═══ Records shown
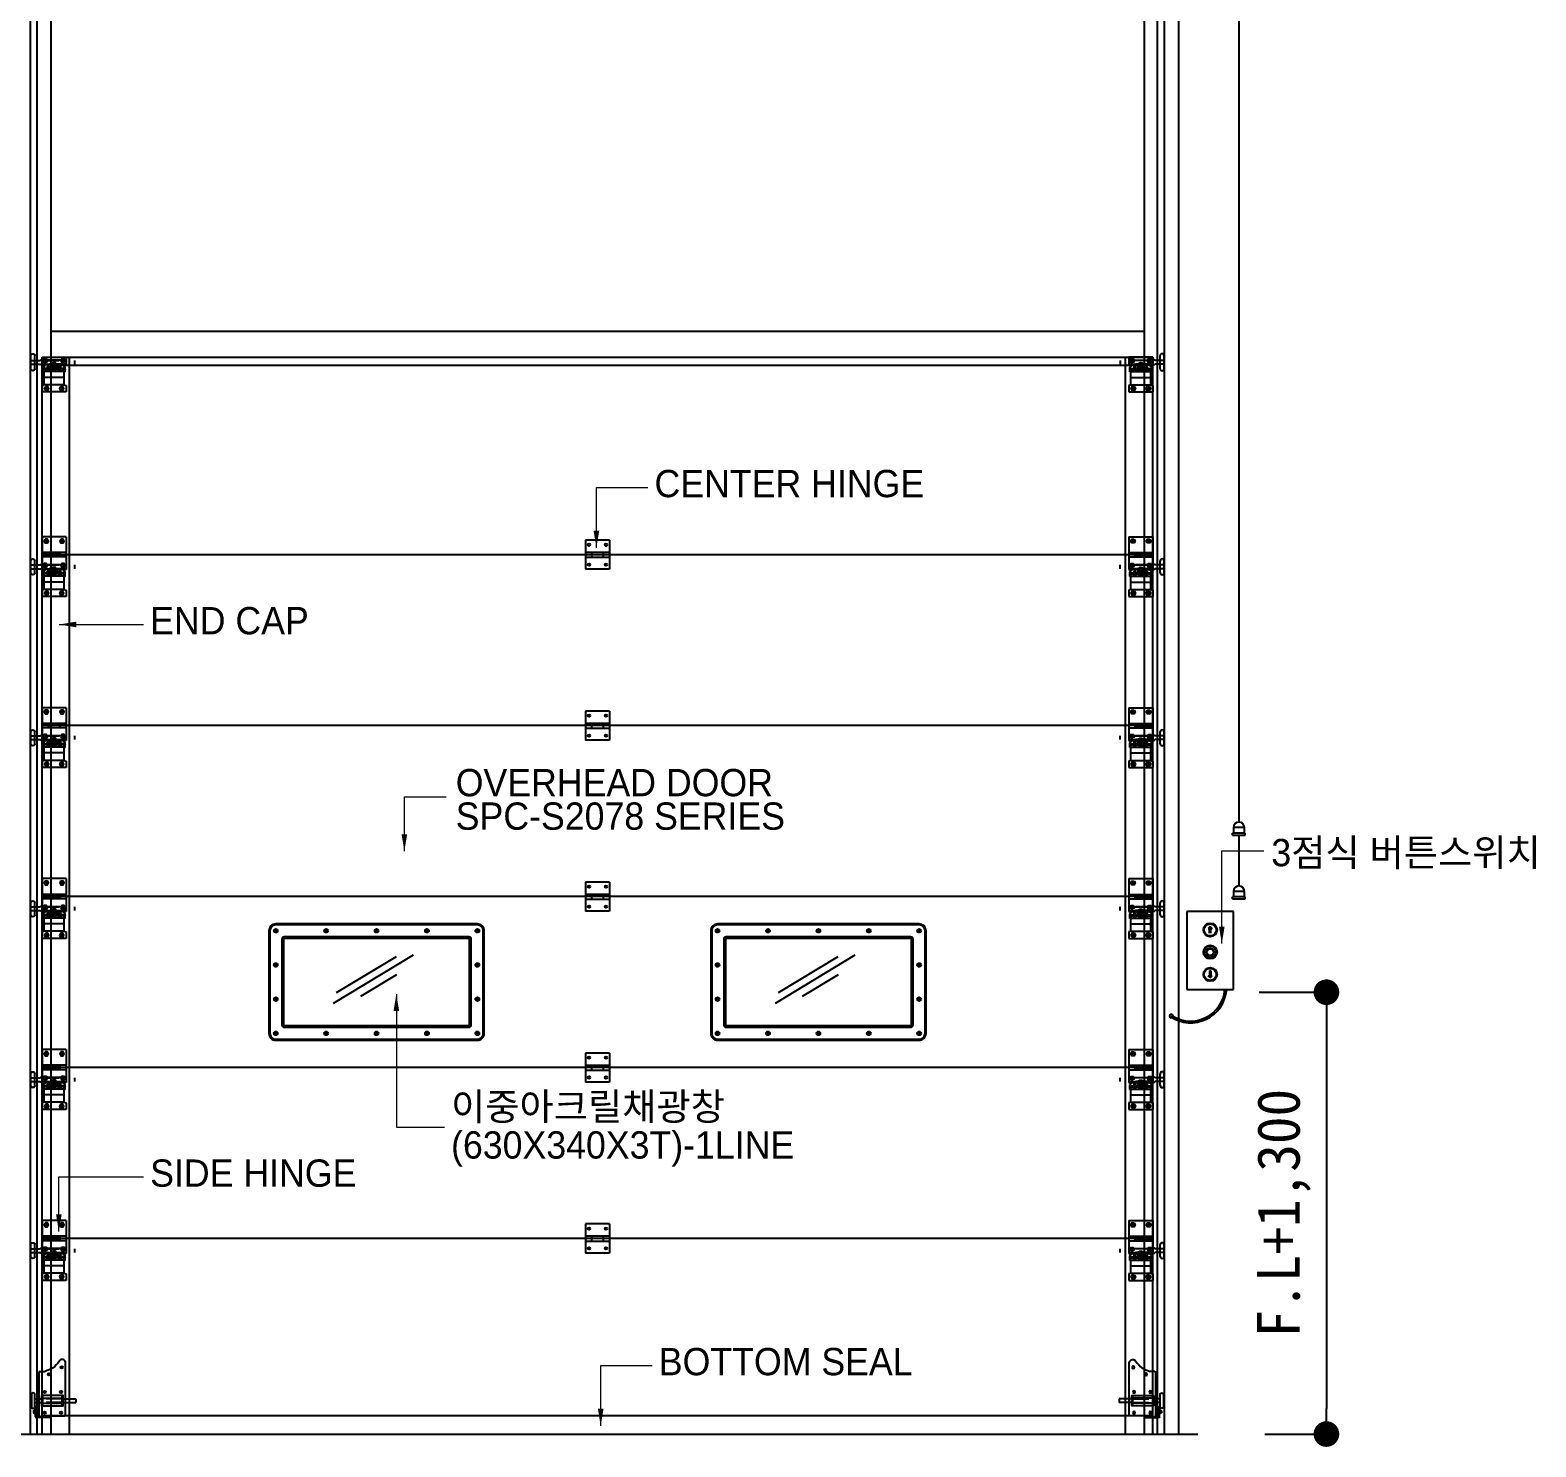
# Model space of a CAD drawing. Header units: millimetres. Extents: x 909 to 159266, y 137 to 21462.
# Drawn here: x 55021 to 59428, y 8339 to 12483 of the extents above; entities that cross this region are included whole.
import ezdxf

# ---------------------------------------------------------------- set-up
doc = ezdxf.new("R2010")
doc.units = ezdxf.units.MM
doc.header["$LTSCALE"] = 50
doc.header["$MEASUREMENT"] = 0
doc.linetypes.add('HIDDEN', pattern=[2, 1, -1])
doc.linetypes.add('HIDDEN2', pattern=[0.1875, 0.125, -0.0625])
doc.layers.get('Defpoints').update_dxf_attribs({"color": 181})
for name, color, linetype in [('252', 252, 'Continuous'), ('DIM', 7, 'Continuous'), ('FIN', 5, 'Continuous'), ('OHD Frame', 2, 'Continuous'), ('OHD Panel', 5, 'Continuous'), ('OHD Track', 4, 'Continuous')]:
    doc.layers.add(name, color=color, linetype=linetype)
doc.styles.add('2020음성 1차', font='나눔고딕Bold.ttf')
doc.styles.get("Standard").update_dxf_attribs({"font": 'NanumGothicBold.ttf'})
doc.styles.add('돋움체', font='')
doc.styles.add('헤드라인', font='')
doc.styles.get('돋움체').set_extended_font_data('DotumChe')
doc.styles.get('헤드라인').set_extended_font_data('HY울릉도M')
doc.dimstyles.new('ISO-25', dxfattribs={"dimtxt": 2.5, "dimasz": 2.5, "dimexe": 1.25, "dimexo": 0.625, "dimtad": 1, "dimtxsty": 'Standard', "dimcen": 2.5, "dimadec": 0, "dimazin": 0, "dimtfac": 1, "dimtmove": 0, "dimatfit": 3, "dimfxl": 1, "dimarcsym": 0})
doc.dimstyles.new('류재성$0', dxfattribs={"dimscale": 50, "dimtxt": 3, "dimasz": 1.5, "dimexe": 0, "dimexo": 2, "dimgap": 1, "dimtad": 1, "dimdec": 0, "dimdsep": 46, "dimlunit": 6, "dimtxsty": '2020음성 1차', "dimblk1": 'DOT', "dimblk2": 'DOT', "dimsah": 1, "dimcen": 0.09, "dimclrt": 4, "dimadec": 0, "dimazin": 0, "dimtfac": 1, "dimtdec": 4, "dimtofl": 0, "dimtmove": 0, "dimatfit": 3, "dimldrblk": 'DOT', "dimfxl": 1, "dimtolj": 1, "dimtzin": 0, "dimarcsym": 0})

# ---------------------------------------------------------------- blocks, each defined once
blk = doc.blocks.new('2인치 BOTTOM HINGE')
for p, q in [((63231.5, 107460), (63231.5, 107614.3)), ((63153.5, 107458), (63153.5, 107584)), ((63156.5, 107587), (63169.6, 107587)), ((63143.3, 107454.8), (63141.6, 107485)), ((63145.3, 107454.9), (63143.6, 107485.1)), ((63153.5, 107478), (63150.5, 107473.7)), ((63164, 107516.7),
══════
Each line in the data that holds the string "dimtfac" needs to be copied.

doc.dimstyles.new('ISO-25', dxfattribs={"dimtxt": 2.5, "dimasz": 2.5, "dimexe": 1.25, "dimexo": 0.625, "dimtad": 1, "dimtxsty": 'Standard', "dimcen": 2.5, "dimadec": 0, "dimazin": 0, "dimtfac": 1, "dimtmove": 0, "dimatfit": 3, "dimfxl": 1, "dimarcsym": 0})
doc.dimstyles.new('류재성$0', dxfattribs={"dimscale": 50, "dimtxt": 3, "dimasz": 1.5, "dimexe": 0, "dimexo": 2, "dimgap": 1, "dimtad": 1, "dimdec": 0, "dimdsep": 46, "dimlunit": 6, "dimtxsty": '2020음성 1차', "dimblk1": 'DOT', "dimblk2": 'DOT', "dimsah": 1, "dimcen": 0.09, "dimclrt": 4, "dimadec": 0, "dimazin": 0, "dimtfac": 1, "dimtdec": 4, "dimtofl": 0, "dimtmove": 0, "dimatfit": 3, "dimldrblk": 'DOT', "dimfxl": 1, "dimtolj": 1, "dimtzin": 0, "dimarcsym": 0})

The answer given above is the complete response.